[Collection entries]
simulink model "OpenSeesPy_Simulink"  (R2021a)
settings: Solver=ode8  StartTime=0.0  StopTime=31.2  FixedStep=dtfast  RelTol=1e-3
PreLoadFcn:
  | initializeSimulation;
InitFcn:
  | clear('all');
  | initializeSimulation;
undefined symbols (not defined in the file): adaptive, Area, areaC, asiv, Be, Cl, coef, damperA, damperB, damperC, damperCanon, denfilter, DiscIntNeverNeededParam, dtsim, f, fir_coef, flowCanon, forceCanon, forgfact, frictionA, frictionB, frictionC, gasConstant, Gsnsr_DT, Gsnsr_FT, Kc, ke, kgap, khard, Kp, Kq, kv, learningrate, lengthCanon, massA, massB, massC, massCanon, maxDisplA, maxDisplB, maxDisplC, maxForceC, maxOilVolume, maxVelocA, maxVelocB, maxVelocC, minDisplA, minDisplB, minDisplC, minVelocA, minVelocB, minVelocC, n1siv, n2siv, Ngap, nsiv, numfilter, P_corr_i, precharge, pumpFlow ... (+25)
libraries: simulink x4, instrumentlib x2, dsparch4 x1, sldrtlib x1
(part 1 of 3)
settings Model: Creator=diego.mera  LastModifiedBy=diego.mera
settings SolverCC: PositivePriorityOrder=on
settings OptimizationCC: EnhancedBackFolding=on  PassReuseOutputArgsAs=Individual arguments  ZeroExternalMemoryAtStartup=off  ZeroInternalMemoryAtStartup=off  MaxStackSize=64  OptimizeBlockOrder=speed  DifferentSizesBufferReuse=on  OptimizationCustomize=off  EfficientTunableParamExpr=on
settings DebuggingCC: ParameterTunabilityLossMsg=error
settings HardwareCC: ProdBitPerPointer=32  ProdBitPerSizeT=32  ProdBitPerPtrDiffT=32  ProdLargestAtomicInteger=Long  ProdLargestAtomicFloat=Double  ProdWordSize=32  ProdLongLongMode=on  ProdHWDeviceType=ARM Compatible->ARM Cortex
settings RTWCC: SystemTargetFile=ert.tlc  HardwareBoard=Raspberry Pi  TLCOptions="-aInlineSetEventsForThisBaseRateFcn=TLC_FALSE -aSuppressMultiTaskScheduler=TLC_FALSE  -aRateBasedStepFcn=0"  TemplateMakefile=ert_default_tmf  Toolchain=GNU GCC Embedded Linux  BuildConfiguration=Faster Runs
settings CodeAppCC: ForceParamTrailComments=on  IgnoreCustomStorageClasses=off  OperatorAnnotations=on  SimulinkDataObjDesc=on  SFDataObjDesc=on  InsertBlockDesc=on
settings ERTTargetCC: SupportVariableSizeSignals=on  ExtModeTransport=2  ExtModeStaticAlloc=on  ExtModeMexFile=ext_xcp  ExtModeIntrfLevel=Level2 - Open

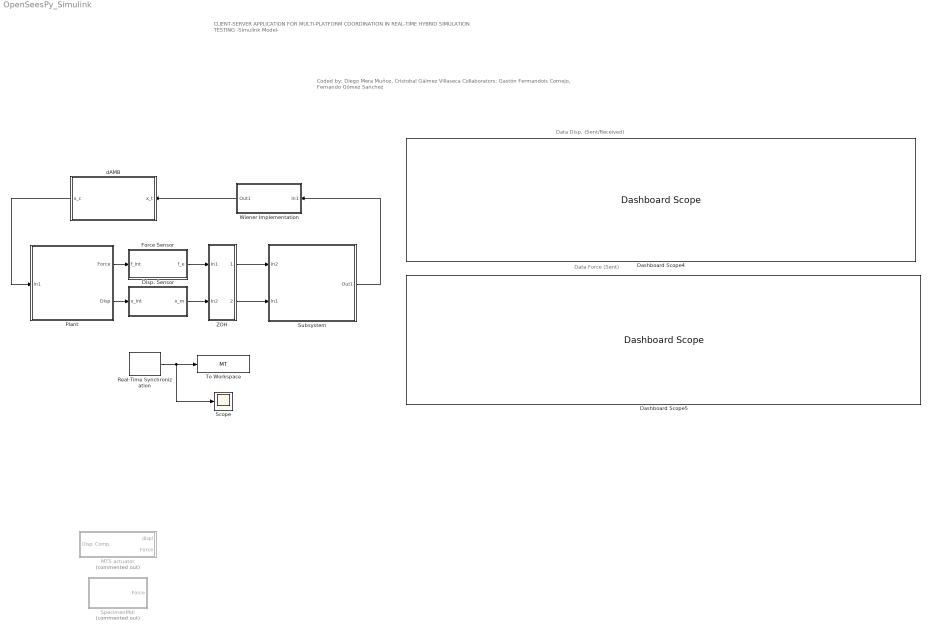
== system OpenSeesPy_Simulink ==
  note: Data Disp. (Sent/Received)
  note: Data Force (Sent)
  note: CLIENT-SERVER APPLICATION FOR MULTI-PLATFORM COORDINATION IN REAL-TIME HYBRID SIMULATION TESTING
      | -Simulink Model-
  note: Coded by: Diego Mera Muñoz, Cristobal Gálmez Villaseca
      | Collaborators: Gastón Fermandois Cornejo, Fernando Gómez Sanchez
  Dashboard Scope4 : DashboardScope  Ymin=-5  Ymax=5
  Dashboard Scope5 : DashboardScope  Ymin=-1.5e-5  Ymax=1e-5
  Disp. Sensor : Subsystem
      mask Display: disp('DISP. SENSOR')
  Force Sensor : Subsystem
      mask Display: disp('FORCE SENSOR')
  MTS actuator : Subsystem  Commented=on
  Plant : Subsystem
      mask Display: disp('PLANT\n(Actuator-ES)')
  Real-Time Synchronization : sldrtlib/Real-Time Synchronization  SampleTime=dtsim  MaxMissedTicks=1000000  ShowMissedTicks=on  YieldWhenWaiting=off
  Scope : Scope
  SpecimenMdl : Subsystem  Commented=on
      mask Display: disp('EXPERIMENTAL\nSUBSTRUCTURE')
  Subsystem : Subsystem
      mask Display: disp('NUMERICAL\nSUBSTRUCTURE')
  To Workspace : ToWorkspace  VariableName=MT  SaveFormat=Timeseries  SampleTime=-1
  Wiener Implementation : Subsystem
      mask Display: disp('MBMRT FILTER')
  ZOH : Subsystem
      mask Display: disp('ZOH')
  dAMB : Subsystem
      mask Display: disp('DISCRETE ADAPTIVE\nMODEL-BASED\nCOMPENSATION')
  wires:
  Subsystem/1(Out1) -> Wiener Implementation/1(In1)
  dAMB/1(x_c) -> Plant/1(In1)
  Real-Time Synchronization/1 -> Scope/1, To Workspace/1
  Wiener Implementation/1(Out1) -> dAMB/1(x_t)
  Plant/1(Force) -> Force Sensor/1(f_int)
  Force Sensor/1("f_e ") -> ZOH/1(In1)
  ZOH/1(Out1) -> Subsystem/1(In2)
  ZOH/2(Out2) -> Subsystem/2(In1)
  Disp. Sensor/1(x_m) -> ZOH/2(In2)
  Plant/2(Disp) -> Disp. Sensor/1(x_int)

== system OpenSeesPy_Simulink/Disp. Sensor ==
  x_int : Inport
  Sensor Noise : simulink/Sources/Band-Limited White Noise  Cov=rms_noise_DT  Ts=dtsim  seed=double(Seed_snr.Seed)
  Sensor Gain LVDT : Gain  Gain=Gsnsr_DT  SaturateOnIntegerOverflow=on  OutDataTypeStr=Inherit: Same as input  ParamDataTypeStr=Inherit: Same as input
  Sum : Sum  Inputs=|++  InputSameDT=on  SaturateOnIntegerOverflow=on  OutDataTypeStr=Inherit: Same as first input
  x_m : Outport
  tag scope: x_m=global
  wires:
  Sensor Noise/1 -> Sum/2
  Sum/1 -> x_m/1, [x_m]  "x_m"
  x_int/1 -> Sensor Gain LVDT/1
  Sensor Gain LVDT/1 -> Sum/1

== system OpenSeesPy_Simulink/Force Sensor ==
  f_int : Inport
  Sensor Noise1 : simulink/Sources/Band-Limited White Noise  Cov=rms_noise_FT  Ts=dtsim  seed=double(Seed_snr.Seed)
  Sensor Gain LOAD CELL : Gain  Gain=Gsnsr_FT  SaturateOnIntegerOverflow=on  OutDataTypeStr=Inherit: Same as input  ParamDataTypeStr=Inherit: Same as input
  Sum1 : Sum  Inputs=|++  InputSameDT=on  SaturateOnIntegerOverflow=on  OutDataTypeStr=Inherit: Same as first input
  "f_e " : Outport
  wires:
  f_int/1 -> Sensor Gain LOAD CELL/1
  Sensor Noise1/1 -> Sum1/2
  Sum1/1 -> "f_e "/1
  Sensor Gain LOAD CELL/1 -> Sum1/1

== system OpenSeesPy_Simulink/MTS actuator ==
  note: Force
  Disp. Comp. : Inport
  Analog Filter Design : dsparch4/Analog Filter Design  method=Butterworth  filttype=Lowpass  N=1  Wlo=20  Whi=80  Rp=2  Rs=40
  Proportional Gain : Gain  Gain=maxForceC/areaC
  Subtract : Sum  Inputs=+-
  accumulators : Subsystem
  dynamic long channel #1 : Subsystem
  dynamic long channel #2 : Subsystem  Commented=on
  dynamic short channel #1 : Subsystem  Commented=on
  dynamic short channel #2 : Subsystem  Commented=on
  static channel #1 : Subsystem  Commented=on
  static channel #2 : Subsystem  Commented=on
  static channel #3 : Subsystem  Commented=on
  static channel #4 : Subsystem  Commented=on
  displ : Outport
  Force : Outport  Port=2
  wires:
  Disp. Comp./1 -> Subtract/1
  Subtract/1 -> Proportional Gain/1
  dynamic long channel #1/3(flow) -> accumulators/1(flow)
  dynamic long channel #1/2(force) -> Analog Filter Design/1
  dynamic long channel #1/1(displ) -> displ/1, Subtract/2
  accumulators/1(press) -> dynamic long channel #1/2(spl press)
  Analog Filter Design/1 -> Force/1
  Proportional Gain/1 -> dynamic long channel #1/1(valve cmd)

== system OpenSeesPy_Simulink/Plant ==
  note: Modeling of Actuator Dynamics
  In1 : Inport
  Actuator : TransferFcn  Denominator=[Vt/(4*Be) Cl]
      mask Display: image(imread('actuator.PNG'));
  Controller : Gain  Gain=Kp
  Gain1 : Gain  Gain=Area
  Gain2 : Gain  Gain=Area
  Scope1 : Scope
  Servovalve Dynamics : TransferFcn  Numerator=[kv]  Denominator=[tauv 1]
      mask Display: image(imread('servo2.PNG'));
  Servovalve Flow : Subsystem
      settings: PortSchema="{\"entries\":[{\"content\":{\"sides\":[{\"content\":{\"connectorIds\":[\"In1\"]},\"type\":\"ConnectorPlacement.EquallySpacedRectSide\",\"uuid\":\"f3a8b7d5-d784-462c-bc82-60644eee5a75\"},{\"content\":{\"connectorIds\":[\"Out1\"],\"side\":\"RIGHT\"},\"type\":\"ConnectorPlacement.EquallySpacedRectSide\",\"uuid\":\"5e6f1f83-a632-4bc9-a761-43cae998e77f\"},{\"content\":{\"connectorIds\":[\"In2\"],\"side\":\"TOP\"},\"type\":\"ConnectorPlacement.EquallySpacedRectSide\",\"uuid\":\"989b0903-e260-4847-946f-0ac5d5e511f7\"}]},\"type\":\"ConnectorPlacement.EquallySpacedConnector\",\"uuid\":\"5619e211-faa3-4076-b1a0-b20862ba0eaa\"}],\"packageUris\":[\"http://schema.mathworks.com/mf0/Connector/19700101\"],\"version\":\"1.0\"}"
      mask Display: image(imread('servo.PNG'));
  Subsystem : Subsystem
      mask Display: disp('EXPERIMENTAL\nSUBSTRUCTURE')
  Sum : Sum  Inputs=|+-
  Sum1 : Sum  Inputs=|+-
  To Workspace : ToWorkspace  VariableName=Force_act  SaveFormat=Timeseries  SampleTime=-1
  Force : Outport
  Disp : Outport  Port=2
  wires:
  Sum/1 -> Controller/1  "e"
  Servovalve Dynamics/1 -> Servovalve Flow/1(xv)  "x_v"
  Gain1/1 -> Sum1/2  "caudal"
  Actuator/1 -> Servovalve Flow/2(pL), Gain2/1  "PL"
  Sum1/1 -> Actuator/1
  Controller/1 -> Servovalve Dynamics/1  "i_c"
  Servovalve Flow/1(QL) -> Sum1/1
  Gain2/1 -> Subsystem/1(F), To Workspace/1, Scope1/1, Force/1  "f_p"
  Subsystem/2(x_m s) -> Gain1/1
  Subsystem/1(x_m) -> Disp/1, Sum/2
  In1/1 -> Sum/1

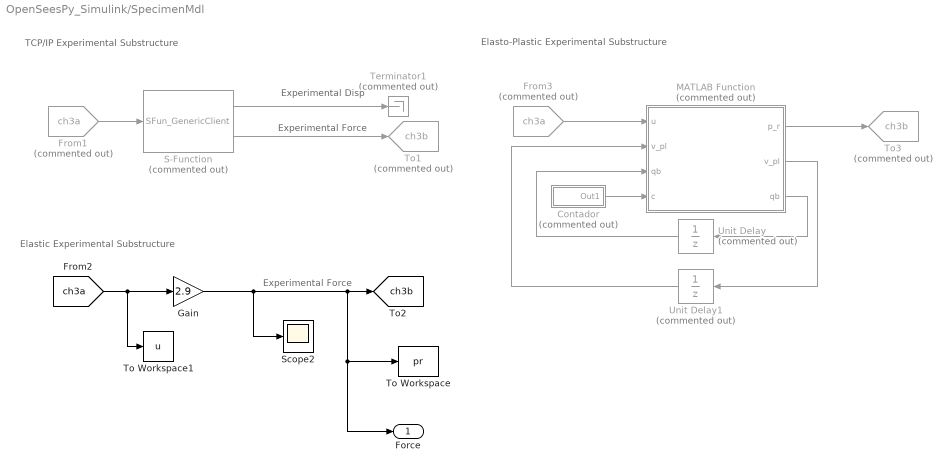
== system OpenSeesPy_Simulink/SpecimenMdl ==
  note: Elasto-Plastic Experimental Substructure
  note: Elastic Experimental Substructure
  note: Experimental Force
  note: Experimental Disp
  note: TCP/IP Experimental Substructure
  note: Experimental Force
  Contador : Subsystem  Commented=on
      mask Display: disp('Contador')
  From1 : From  Commented=on  GotoTag=ch3a  TagVisibility=global
  From3 : From  Commented=on  GotoTag=ch3a  TagVisibility=global
  Gain : Gain  Gain=2.9
  MATLAB Function : MATLAB Function  Commented=on  TreatAsAtomicUnit=on
  S-Function : S-Function  Commented=on  FunctionName=SFun_GenericClient  Parameters=ipAddr,ipPort,dataSize  SFunctionDeploymentMode=off  EnableBusSupport=off  mask(GenericClient Element){ipAddr=127.0.0.1, ipPort=8093, dataSize=256}
      mask prompts: ipAddr "IP Address of Server"; ipPort "IP Port Number of Server"; dataSize "Size of Data Arrays"
      mask Display: disp('GenericClient\nElement');
  Scope2 : Scope
  Terminator1 : Terminator  Commented=on
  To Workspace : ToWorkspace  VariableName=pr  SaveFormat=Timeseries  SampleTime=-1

→ **What to do**
Lines containing the word "Wiener" must be found in the data above and copied.

→ **Finished task**
  Wiener Implementation : Subsystem
  Subsystem/1(Out1) -> Wiener Implementation/1(In1)
  Wiener Implementation/1(Out1) -> dAMB/1(x_t)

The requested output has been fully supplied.